Beware the Ides of September

Robert McGarvey
September 18, 2020

On August 18th of 2020, both the Dow and the S&P 500 finished at their highest closing levels on record. The wonder is not that the market is trending upward - the sheer volume of automatic pension saving and monthly mutual fund contributions, ensures that markets are constantly refreshed with new investment resources.

What is surprising is that market momentum has not slowed a wit as the world heads into the historic ‘red zone’ of September/October.

Autumn is a rough time of year for stock markets historically. Consider that the Panic of 1907 also known as the Knickerbocker Crisis started in mid-October of 1906, the subsequent market panic lasted many months and prompted J.P. Morgan’s timely intervention which saved the market from complete collapse.  

The Wall Street Crash of 1929, which triggered the Great Depression of the ‘30s, also started in September; lest we forget this Crash was the most devastating stock market collapse in history. Market indices did not recover their pre-1929 Crash levels for nearly 30 years. 

Both Black Monday, the stock market crash of 1987, and the Financial Crisis of 2007/8 faced similar crash profiles; both teetered on the brink for months before finally collapsing in the mid-September to mid-October ‘red-zone’. 

There is something about that time of the year that breed’s spur-of-the-moment reaction. Perhaps it is the cold reality of summer’s end combined with Q3 corporate financial results and the weary eye financial managers have on ‘end of year’ numbers that creates a sense of precipitous action. Nevertheless, whatever the psychological and/or financial factors at play, this time of the season - particularly in the white heat of a global pandemic - is certainly not for the faint of heart.  
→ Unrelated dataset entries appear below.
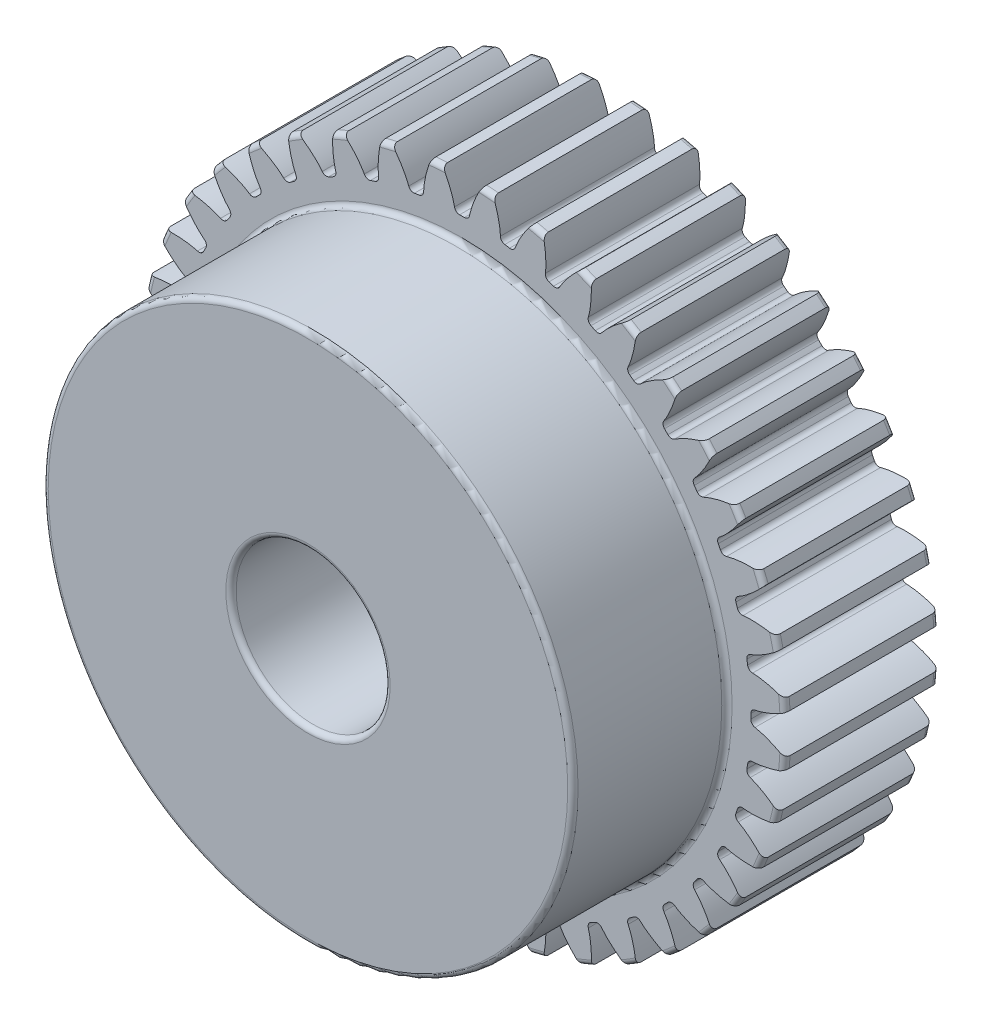
SolidWorks part; units mm, degrees
ref_plane "Front Plane" through (0, 0, 0) normal (0, 0, 1) x (1, 0, 0)
ref_plane "Top Plane" through (0, 0, 0) normal (0, 1, 0) x (1, 0, 0)
ref_plane "Right Plane" through (0, 0, 0) normal (1, 0, 0) x (0, 0, -1)
sketch "Sketch1" plane through (0, 0, 0) normal (0, 0, 1) x (1, 0, 0)
  line L0 (0, 0) -> (0, 25.4) construction
  line L1 (-8.1634, 28.3712) -> (8.1634, 22.4288) construction
  circle A0 centre (0, 0) radius 23.8125 construction
  circle A1 centre (0, 0) radius 26.67 construction
  circle A2 centre (0, 0) radius 25.4 construction
  circle A3 centre (0, 0) radius 23.8682 construction
  circle A4 centre (0, 0) radius 6.35 construction
  circle A5 centre (0, 0) radius 21.844 construction
  point P8 (254, 0)
  point P13 (508, 0)
  point P14 (0, 0)
  dimension "OD | Outside Diameter" = 53.34
  dimension "Root Diameter" = 47.625
  dimension "Gear Pitch Diameter" = 50.8
  dimension "Base Diameter" = 47.7364
  dimension "For Shaft Diameter" = 12.7
  dimension "Hub Diameter" = 43.688
  dimension "Pressure Angle" = 20
  dimension "Number of Teeth" = 1016
  dimension "Gear Pitch | Diametral Pitch" = 508
sketch "Sketch2" plane through (0, 0, 0) normal (1, 0, 0) x (0, 0, -1)
  line L0 (-12.7, 0) -> (12.7, 0) construction
  line L1 (-12.7, 26.67) -> (12.7, 26.67) construction
  point P2 (0, 26.67)
  point P4 (0, 0)
  point P6 (0, 26.67)
  dimension "Overall Width" = 25.4
  dimension "Hub Width" = 12.7
  dimension "Face Width" = 12.7
sketch "Sketch3" plane through (0, 0, 0) normal (0, 0, 1) x (1, 0, 0)
  circle A0 centre (0, 0) radius 26.67
  circle A1 centre (0, 0) radius 26.67 construction
extrude "Boss-Extrude1" add sketch "Sketch3" against normal up to vertex (12.7 mm away) and the other way up to vertex (12.7 mm away) up to point (0, 0, -12.7) other way up to point (0, 0, 12.7)
sketch "Sketch5" plane through (0, 0, 0) normal (1, 0, 0) x (0, 0, -1)
  line L1 (-12.7, 26.67) -> (0, 26.67)
  line L2 (-12.7, 26.67) -> (-12.7, 21.844)
  line L3 (-12.7, 21.844) -> (0, 21.844)
  line L4 (0, 26.67) -> (0, 21.844)
  line L11 (12.7, 6.35) -> (-12.7, 6.35)
  line L12 (12.7, 6.35) -> (12.7, 0)
  line L13 (12.7, 0) -> (-12.7, 0)
  line L14 (-12.7, 6.35) -> (-12.7, 0)
  point P5 (0, 6.35)
  point P12 (0, 21.844)
revolve "Cut-Revolve1" cut sketch "Sketch5" angle 360 about L0
fillet "Fillet2" radius 0.4261 6 edges at (26.67, 0, -12.7) (6.35, 0, -12.7) (6.35, 0, 12.7) (21.844, 0, 0) (26.67, 0, 0) (21.844, 0, 12.7)
sketch "Sketch4" plane through (0, 0, 0) normal (0, 0, 1) x (1, 0, 0)
  line L0 (0, 0) -> (23.8054, 0.5801) construction
  line L2 (0, 0) -> (23.8054, -0.5801) construction
  line L4 (23.8054, 0.5801) -> (23.8611, 0.5815)
  line L5 (23.8611, -0.5815) -> (23.8054, -0.5801)
  arc A0 (23.8054, 0.5801) -> (23.8054, -0.5801) centre (0, 0) cw
  arc A3 (26.6213, 1.6107) -> (26.6213, -1.6107) centre (0, 0) cw
  circle A4 centre (0, 0) radius 26.67 construction
  spline S0 degree 4 poles (23.8611, 0.5815) (23.8655, 0.5817) (23.8778, 0.5822) (23.901, 0.5839) (23.9389, 0.5874) (23.9871, 0.593) (24.0493, 0.6016) (24.1225, 0.6136) (24.2029, 0.6285) (24.2903, 0.6467) (24.3773, 0.6666) (24.464, 0.6881) (24.5503, 0.711) (24.6546, 0.7404) (24.7796, 0.7781) (24.9253, 0.8257) (25.0903, 0.8838) (25.2579, 0.9474) (25.4225, 1.0136) (25.5884, 1.0847) (25.7486, 1.1565) (25.9145, 1.2353) (26.0673, 1.3103) (26.238, 1.3989) (26.3756, 1.4719) (26.5565, 1.5732) (26.6631, 1.6345) (26.7877, 1.708) (26.8429, 1.7415) (26.8769, 1.7622) knots 0 0 0 0 0 0.005377 0.015084 0.028532 0.04661 0.064855 0.092111 0.119476 0.146842 0.174209 0.201575 0.228941 0.256307 0.307035 0.361767 0.4165 0.471232 0.525964 0.580697 0.635429 0.690161 0.744894 0.799626 0.854358 0.909091 0.954545 1 1 1 1 1 construction
  spline S1 degree 4 poles (23.8611, 0.5815) (23.8655, 0.5817) (23.8778, 0.5822) (23.901, 0.5839) (23.9389, 0.5874) (23.9871, 0.593) (24.0493, 0.6016) (24.1225, 0.6136) (24.2029, 0.6285) (24.2903, 0.6467) (24.3773, 0.6666) (24.464, 0.6881) (24.5503, 0.711) (24.6546, 0.7404) (24.7796, 0.7781) (24.9253, 0.8257) (25.0903, 0.8838) (25.2579, 0.9474) (25.4225, 1.0136) (25.5884, 1.0847) (25.7486, 1.1565) (25.9145, 1.2353) (26.0673, 1.3103) (26.238, 1.3989) (26.3756, 1.4719) (26.5173, 1.5512) (26.5862, 1.5904) (26.6213, 1.6107) knots 0 0 0 0 0 0.005377 0.015084 0.028532 0.04661 0.064855 0.092111 0.119476 0.146842 0.174209 0.201575 0.228941 0.256307 0.307035 0.361767 0.4165 0.471232 0.525964 0.580697 0.635429 0.690161 0.744894 0.799626 0.854358 0.909091 0.909091 0.909091 0.909091 0.909091
  spline S2 degree 4 poles (23.8611, -0.5815) (23.8655, -0.5817) (23.8778, -0.5822) (23.901, -0.5839) (23.9389, -0.5874) (23.9871, -0.593) (24.0493, -0.6016) (24.1225, -0.6136) (24.2029, -0.6285) (24.2903, -0.6467) (24.3773, -0.6666) (24.464, -0.6881) (24.5503, -0.711) (24.6546, -0.7404) (24.7796, -0.7781) (24.9253, -0.8257) (25.0903, -0.8838) (25.2579, -0.9474) (25.4225, -1.0136) (25.5884, -1.0847) (25.7486, -1.1565) (25.9145, -1.2353) (26.0673, -1.3103) (26.238, -1.3989) (26.3756, -1.4719) (26.5565, -1.5732) (26.6631, -1.6345) (26.7877, -1.708) (26.8429, -1.7415) (26.8769, -1.7622) knots 0 0 0 0 0 0.005377 0.015084 0.028532 0.04661 0.064855 0.092111 0.119476 0.146842 0.174209 0.201575 0.228941 0.256307 0.307035 0.361767 0.4165 0.471232 0.525964 0.580697 0.635429 0.690161 0.744894 0.799626 0.854358 0.909091 0.954545 1 1 1 1 1 construction
  spline S3 degree 4 poles (23.8611, -0.5815) (23.8655, -0.5817) (23.8778, -0.5822) (23.901, -0.5839) (23.9389, -0.5874) (23.9871, -0.593) (24.0493, -0.6016) (24.1225, -0.6136) (24.2029, -0.6285) (24.2903, -0.6467) (24.3773, -0.6666) (24.464, -0.6881) (24.5503, -0.711) (24.6546, -0.7404) (24.7796, -0.7781) (24.9253, -0.8257) (25.0903, -0.8838) (25.2579, -0.9474) (25.4225, -1.0136) (25.5884, -1.0847) (25.7486, -1.1565) (25.9145, -1.2353) (26.0673, -1.3103) (26.238, -1.3989) (26.3756, -1.4719) (26.5173, -1.5512) (26.5862, -1.5904) (26.6213, -1.6107) knots 0 0 0 0 0 0.005377 0.015084 0.028532 0.04661 0.064855 0.092111 0.119476 0.146842 0.174209 0.201575 0.228941 0.256307 0.307035 0.361767 0.4165 0.471232 0.525964 0.580697 0.635429 0.690161 0.744894 0.799626 0.854358 0.909091 0.909091 0.909091 0.909091 0.909091
  dimension "D1" = 47.625
extrude "Cut-Extrude1" cut sketch "Sketch4" against normal through all both and the other way through all
fillet "Fillet1" radius 0.4261 2 edges at (23.8054, -0.5801, -6.35) (23.8054, 0.5801, -6.35)
pattern_circular "CirPattern1" count 40 over 360 about axis through (0, 0, 12.7) along (0, 0, -1) of "Cut-Extrude1", "Fillet1"
equation "\"Root Diameter@Sketch1\"=\"Root Diameter\""
equation "\"OD | Outside Diameter@Sketch1\"=\"Outside Diameter\""
equation "\"D1@CirPattern1\"=\"Number of Teeth\""
equation "\"Diametral Pitch\"=20"
equation "\"Number of Teeth\"= 40"
equation "\"Pressure Angle\"=20"
equation "\"Pitch Diameter\"= \"Number of Teeth\" / \"Diametral Pitch\""
equation "\"Base Diameter\"= \"Pitch Diameter\" * cos ( \"Pressure Angle\" )"
equation "\"Outside Diameter\"= ( \"Number of Teeth\" + 2 ) / \"Diametral Pitch\""
equation "\"Dedendum\"= 1.25 / \"Diametral Pitch\""
equation "\"Root Diameter\"= \"Pitch Diameter\" - ( 2 * \"Dedendum\" )"
equation "\"Pitch Angle\"= 360deg / \"Number of Teeth\""
equation "\"Alpha\"= sqr ( \"Pitch Diameter\" ^ 2 - \"Base Diameter\" ^ 2 ) / \"Base Diameter\" * 180 / PI - \"Pressure Angle\""
equation "\"Beta\"= ( \"Pitch Angle\" / 4 - \"Alpha\" )"
equation "\"Phi\"= sqr ( ( \"Outside Diameter\" / 2 ) ^ 2 - ( \"Base Diameter\" / 2 ) ^ 2 ) / ( \"Base Diameter\" / 2 )"
equation "\"Addendum\"= 1 / \"Diametral Pitch\""
equation "\"WorkingDepth\"= 2 / \"Diametral Pitch\""
equation "\"WholeDepth\"= 2.25 / \"Diametral Pitch\""
equation "\"Clearance\"= 0.25 / \"Diametral Pitch\""
equation "\"ToothThickness\"= ( pi * 2 ) / \"Diametral Pitch\""
equation "\"CircularPitch\"= pi / \"Diametral Pitch\""
equation "\"Number of Teeth@Sketch1\"=\"Number of Teeth\""
equation "\"Gear Pitch | Diametral Pitch@Sketch1\"=\"Diametral Pitch\""
equation "\"Pressure Angle@Sketch1\"=\"Pressure Angle\""
equation "\"Gear Pitch Diameter@Sketch1\"=\"Pitch Diameter\""
equation "\"Base Diameter@Sketch1\"=\"Base Diameter\""
equation "\"Fillet\"= \"Clearance\" * cos ( \"Pressure Angle\" ) * tan ( ( 90 + \"Pressure Angle\" ) / 2 )"
equation "\"D1@Fillet1\"=\"Fillet\""
equation "\"D1@Sketch4\"=if( \"Base Diameter\">\"Root Diameter\",\"Root Diameter\",\"Base Diameter\"-.00001)"
equation "\"D1@Fillet2\"=\"Fillet\""

In the approaching Autumn of 2020, the possibility of a perfect storm of pandemic induced back-to-school bedlam, a resurgent COVID 19 and the end of government financial supports could bring a final collapse of hope for a short term fix to the COVID crisis, investor panic and another seasonal panic in financial markets.   

Remarkably, a stock market correction of 30 percent would only align stock markets values to the present economic reality. Millions of people remain unemployed around the world, and although consumer spending has recovered over the course of the last few months, just how long can governments continue to subsidise unemployed or furloughed workers?

With business failures already at an all time high the Autumn will likely see the end of business subsidies as well; and with no end in sight to the pandemic, the present ‘phoney war’ could end, and with it the somewhat baffling stock market euphoria. 

What could turn the tide of negative sentiment?

Is there an easy way to implement a set of policy initiatives and accounting practices that could unlock trillions of dollars of undocumented asset value, stabilize the financial system, perhaps reverse many corporate bankruptcies while salvaging market sentiment?

The short answer is ‘yes’. The value of hidden intangible assets in companies large and small around the world is conservatively estimated to be in the hundreds of trillions of dollars. Formally recognising intangibles like internally developed software, artificial intelligence algorithms, social media networks and data on corporate balance sheets would dramatically impact financial metrics and market sentiment.

Imagine the impact if the capitalist system were to expand its intangible asset foundations even further from these ‘easier-to-recognise’ intangibles to include the vast stores of human capital assets as well as the much more vital social and relational capital assets, like corporate reputations.

Capitalising these new assets would, by the very nature of double entry bookkeeping, deliver greater corporate profitability and stronger financial metrics across the board, unlocking hidden asset wealth while greatly strengthening investor equity.

But there is an even greater incentive; legitimising intangible assets while accounting for contingent environmental and social liabilities could unleash a new era of corporate responsibility. This new capitalism would have the internal resources to both save our economy from collapse and the accounting means to convert environmental and social liability expenditures into enhanced investor equity.

Perhaps now is the time to consider just how profound a shift in economic fundamentals we are facing and take some steps to secure our future.